Investing in the real estate logistics sector has traditionally been an income play: decent yields, but little to excite in terms of rental growth. After all, warehouses have long been cheap to build, and the low barriers to entering the market ensured supply was able to keep up with the demand. Nowadays, the dynamic has shifted. As this week’s Chart Room shows, in the last three years, the pace of growth of rental income for European warehouses has accelerated far faster than either high-street retail units or offices.

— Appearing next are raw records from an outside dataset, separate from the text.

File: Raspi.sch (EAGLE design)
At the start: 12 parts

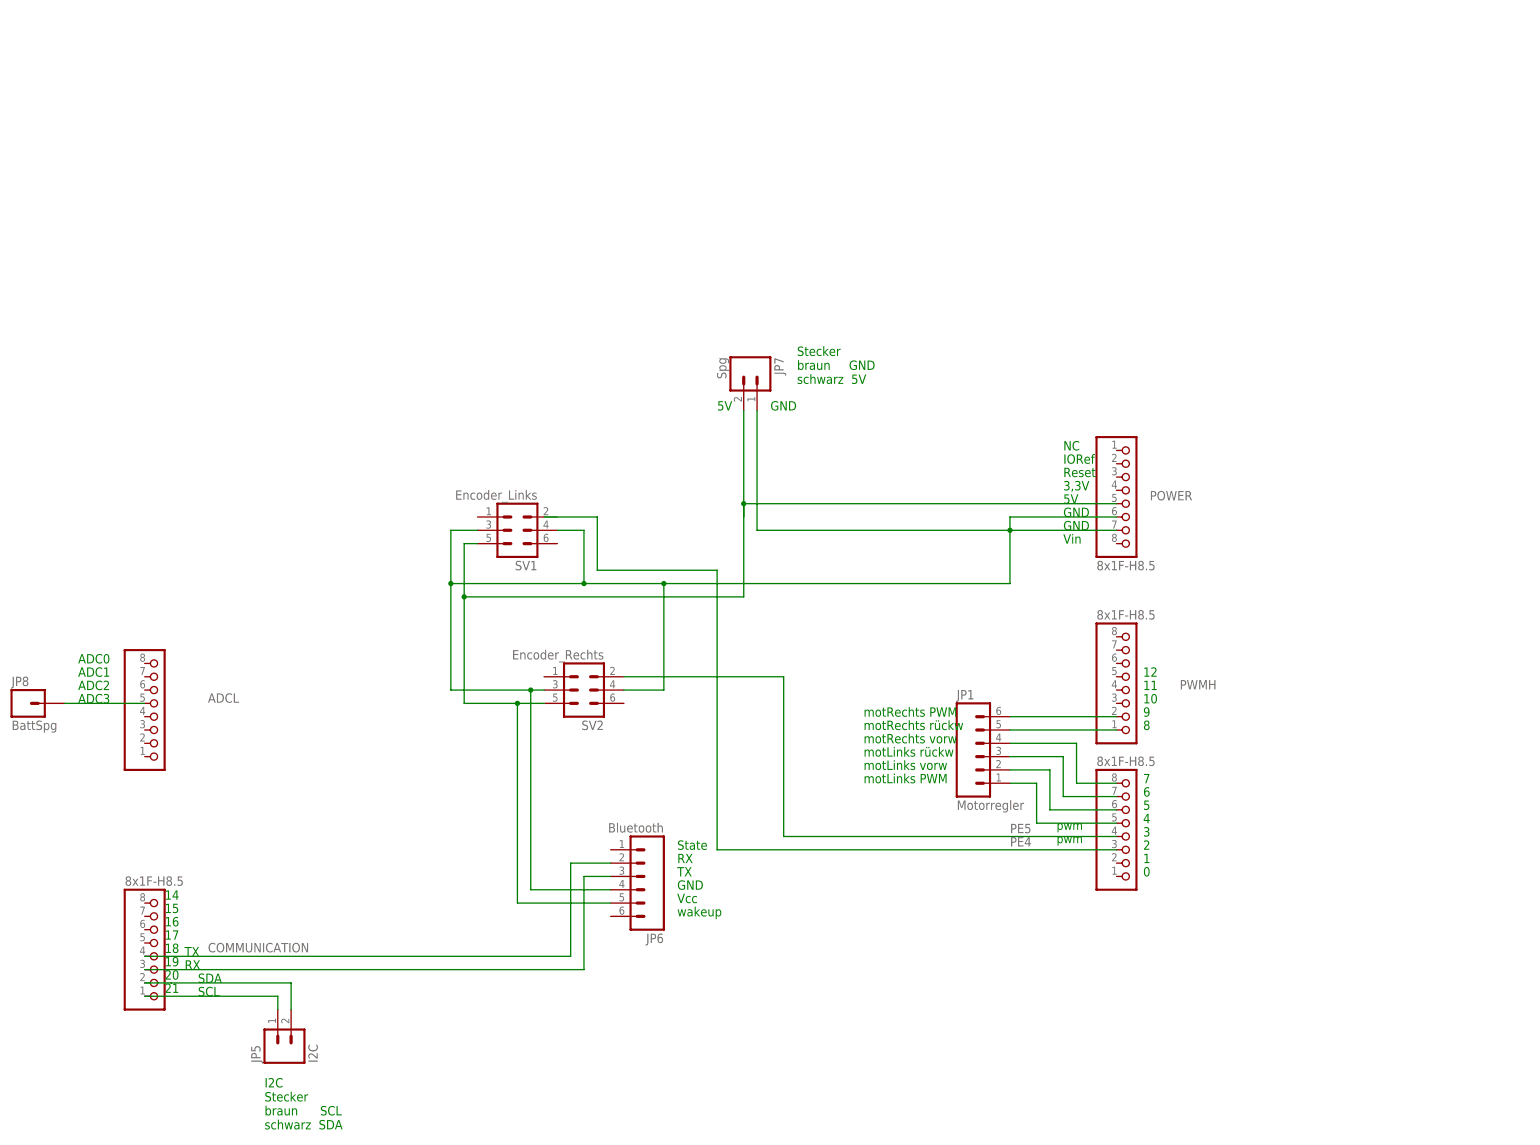
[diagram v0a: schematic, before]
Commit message: 
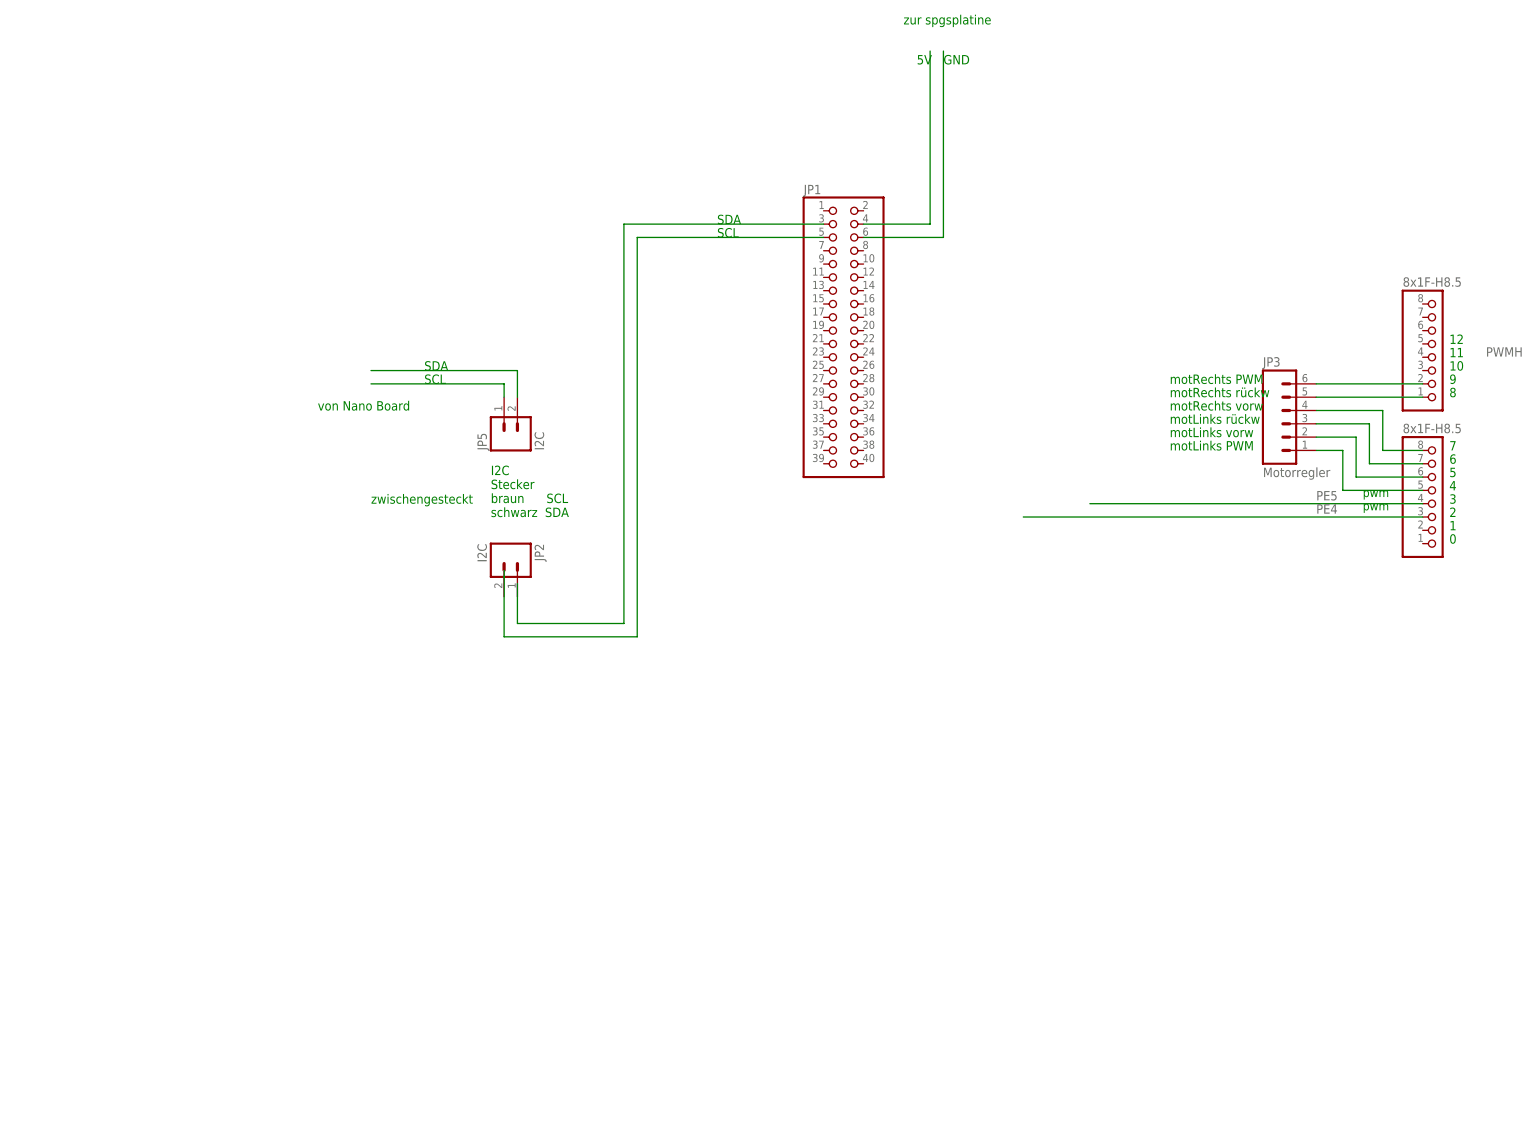
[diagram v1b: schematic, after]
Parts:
- removed ADCL, COMMUNICATION, POWER: 8x1F-H8.5, SmartPrj:PINHD-1X8
- removed JP6: Bluetooth, SparkFun-Connectors:M06LOCK
- removed JP7: Spg, SparkFun-Connectors:M02-JST-2MM-SMT
- removed JP8: BattSpg, SparkFun-Connectors:M01PTH
- removed SV1: Encoder_Links, con-ml:ML6
- removed SV2: Encoder_Rechts, con-ml:ML6
- added JP2: I2C, SparkFun-Connectors:M02-JST-2MM-SMT
- added JP3: Motorregler, SparkFun-Connectors:M06LOCK
- JP1: value Motorregler -> (none); device SparkFun-Connectors:M06LOCK -> adafruit:PINHD-2X20
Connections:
- removed net N$12: COMMUNICATION.3, JP6.3
- removed net N$13: COMMUNICATION.4, JP6.2
- new net N$6: JP3.5, PWMH.1
- net N$1: now also JP1.3; no longer JP6.5, JP7.1, POWER.5, SV1.5, SV2.5
- net N$10: no longer COMMUNICATION.1
- net N$11: no longer COMMUNICATION.2
- net N$16: now also JP3.4; no longer JP1.4
- net N$17: now also JP3.3; no longer JP1.3
- net N$18: now also JP3.2; no longer JP1.2
- net N$19: now also JP3.1; no longer JP1.1
- net N$2: now also JP1.5; no longer JP6.4, JP7.2, POWER.6, POWER.7, SV1.3, SV1.4, SV2.3, SV2.4
- net N$3: now also JP1.4; no longer JP1.6, PWMH.2
- net N$4: now also JP1.6; no longer JP1.5, PWMH.1
- net N$5: now also JP3.6, PWMH.2; no longer ADCL.5, JP8.1
- net PE5: no longer SV2.2
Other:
- note added: "von Nano Board"
- note added: "zur spgsplatine"
- note added: "zwischengesteckt"
- note removed: "14"
- note removed: "15"
- note removed: "16"
- note removed: "17"
- note removed: "18"
- note removed: "19"
- note removed: "20"
- note removed: "21"
- note removed: "3,3V"
- note removed: "ADC0"
- note removed: "ADC1"
- note removed: "ADC2"
- note removed: "ADC3"
- note removed: "IORef"
- note removed: "NC"
- note removed: "RX"
- note removed: "Reset"
- note removed: "State"
- note removed: "Stecker braun GND schwarz 5V"
- note removed: "TX"
- note removed: "Vcc"
- note removed: "Vin"
- note removed: "wakeup"
- moved on the sheet: JP5, PWMH

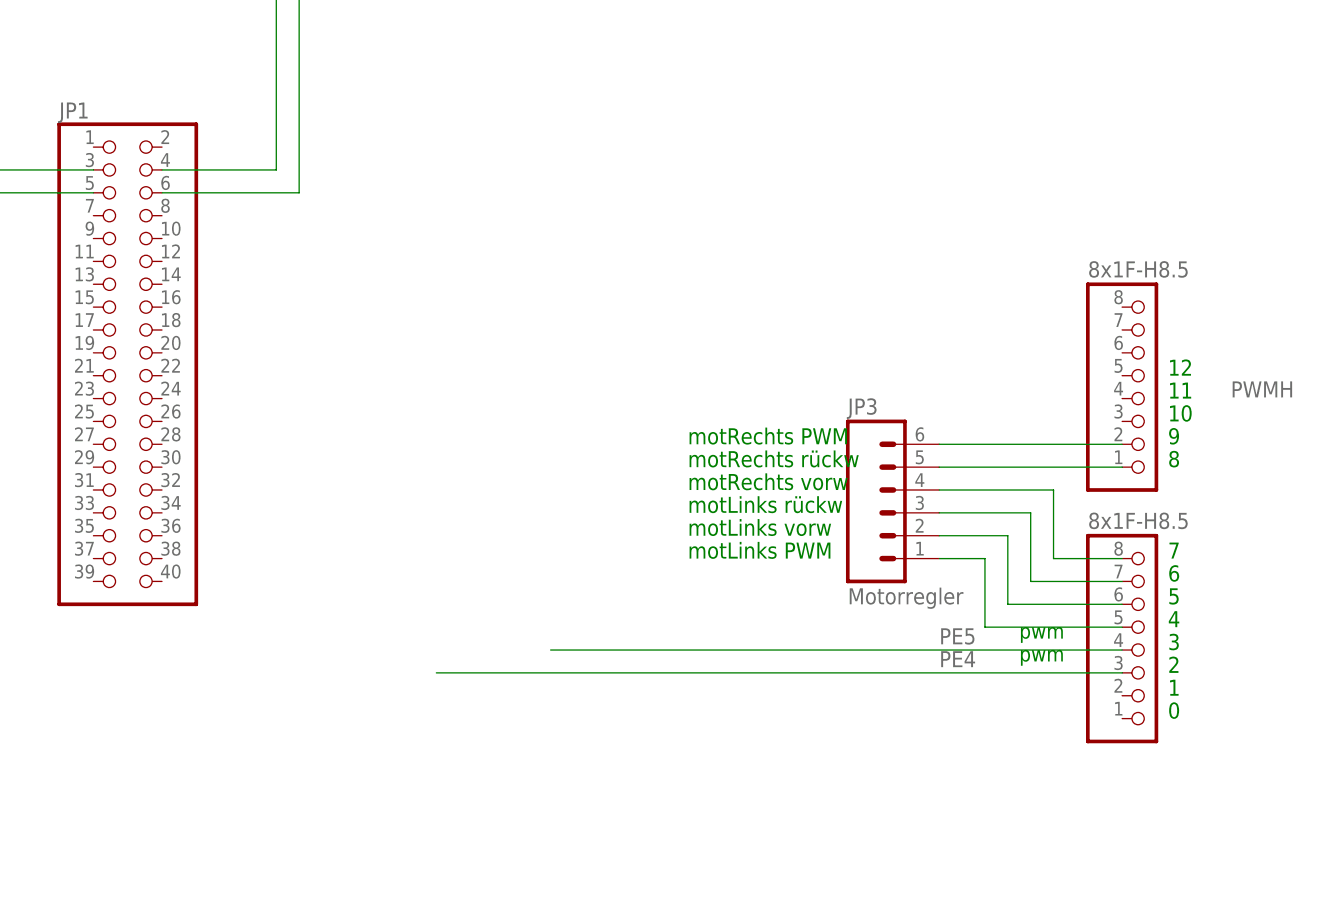
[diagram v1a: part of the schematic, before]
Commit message: 
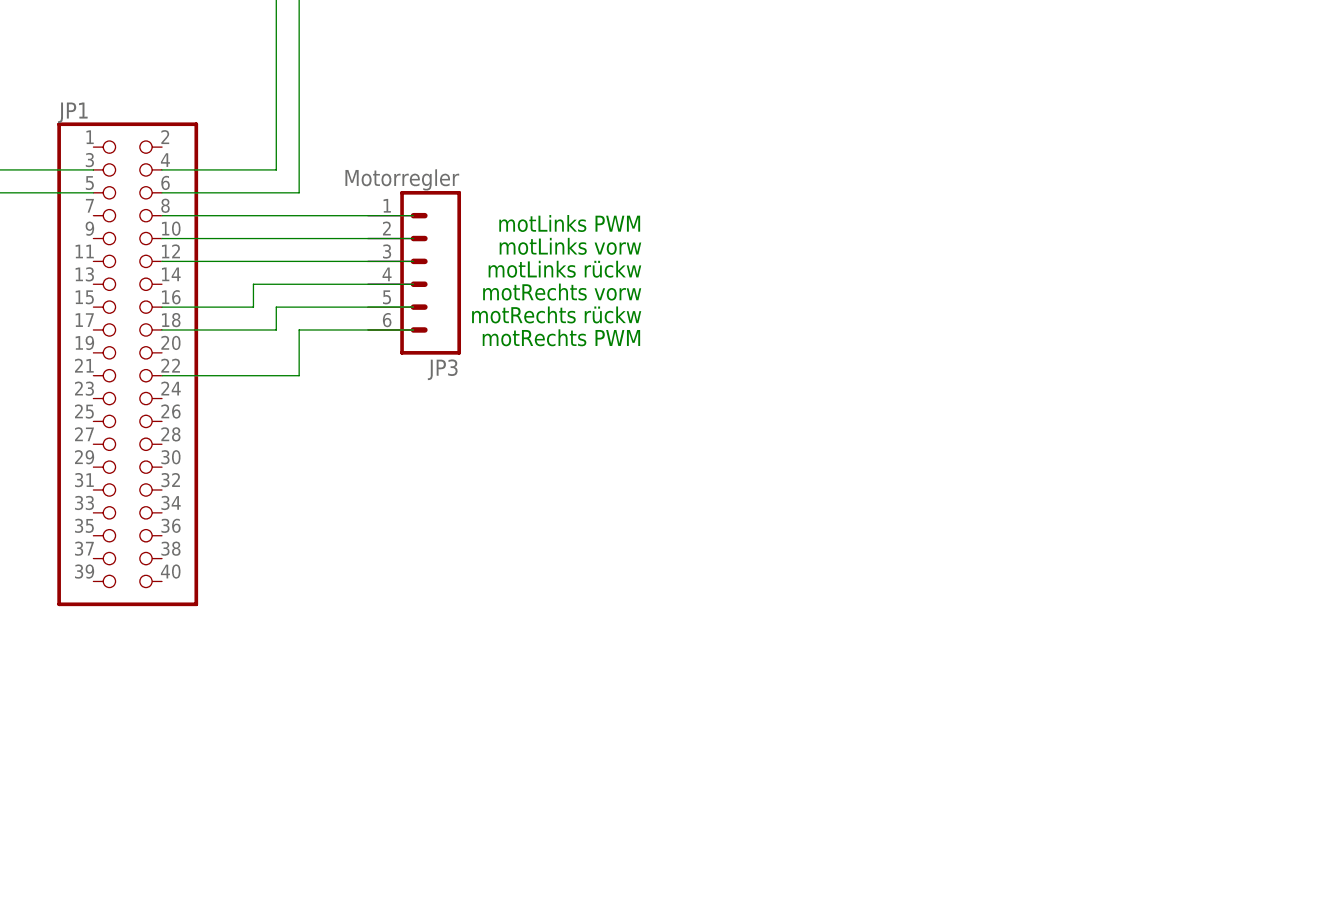
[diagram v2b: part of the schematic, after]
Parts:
- removed PWMH, PWML: 8x1F-H8.5, SmartPrj:PINHD-1X8
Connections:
- removed net N$16: JP3.4, PWML.8
- removed net N$17: JP3.3, PWML.7
- removed net N$18: JP3.2, PWML.6
- removed net N$19: JP3.1, PWML.5
- removed net PE4: PWML.3
- removed net PE5: PWML.4
- new net N$12: JP1.22
- new net N$7: JP1.12
- new net N$8: JP1.16
- new net N$9: JP1.18
- net N$5: now also JP1.8; no longer JP3.6, PWMH.2
- net N$6: now also JP1.10; no longer JP3.5, PWMH.1
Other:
- note removed: "0"
- note removed: "1"
- note removed: "10"
- note removed: "11"
- note removed: "12"
- note removed: "2"
- note removed: "3"
- note removed: "4"
- note removed: "5"
- note removed: "6"
- note removed: "7"
- note removed: "8"
- note removed: "9"
- note removed: "pwm"
- moved on the sheet: JP3
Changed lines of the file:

Why are warehouse rents soaring? Part of the answer lies in the shift to online shopping - which is also partly to blame for the collapse in high street rents in recent years. Over the course of the pandemic, there was a far higher demand for logistics real estate as ecommerce activity soared. The lockdowns are now long over but this shift from offline to online continues. Within Europe, this is particularly true in the south of the continent, where the take-up of online shopping was traditionally far lower than in other markets such as the UK - and that’s continuing to drive the demand for warehouse space across the whole region.
Recent demand for warehouse space has also been boosted by reshoring, as companies shore up their supply chain resilience. This trend has picked up pace in the wake of disruptions to supply chains from the pandemic and accelerated further since Russia’s invasion of Ukraine in 2022. Firms are maintaining far higher inventory levels, transitioning to a ‘just-in-case' approach to stocking rather than ‘just-in-time', and that is lifting demand for logistics real estate.
But there’s yet another dynamic that could push rents in this sector up further over the next 12 to 18 months. We think there could be even further impetus for rental growth over the next 18-24 months as demand rises along with a pick-up in GDP growth, precisely at a point when new build supply tapers off from recent highs.
There are several reasons for the potential shortage in new assets: financing conditions have become tougher, building materials’ costs are rising, and developers have been delaying construction of new facilities until more clarity in the economic outlook is available. Moreover, there’s also more demand for sites and more complications around planning new warehouses, particularly in more densely populated countries such as the Netherlands, where land use can be more rigorously controlled or where there is not sufficient labour to staff new buildings.
All of this suggests that investors should consider European logistics as a sector that’s storing up some future rental growth for the years to come.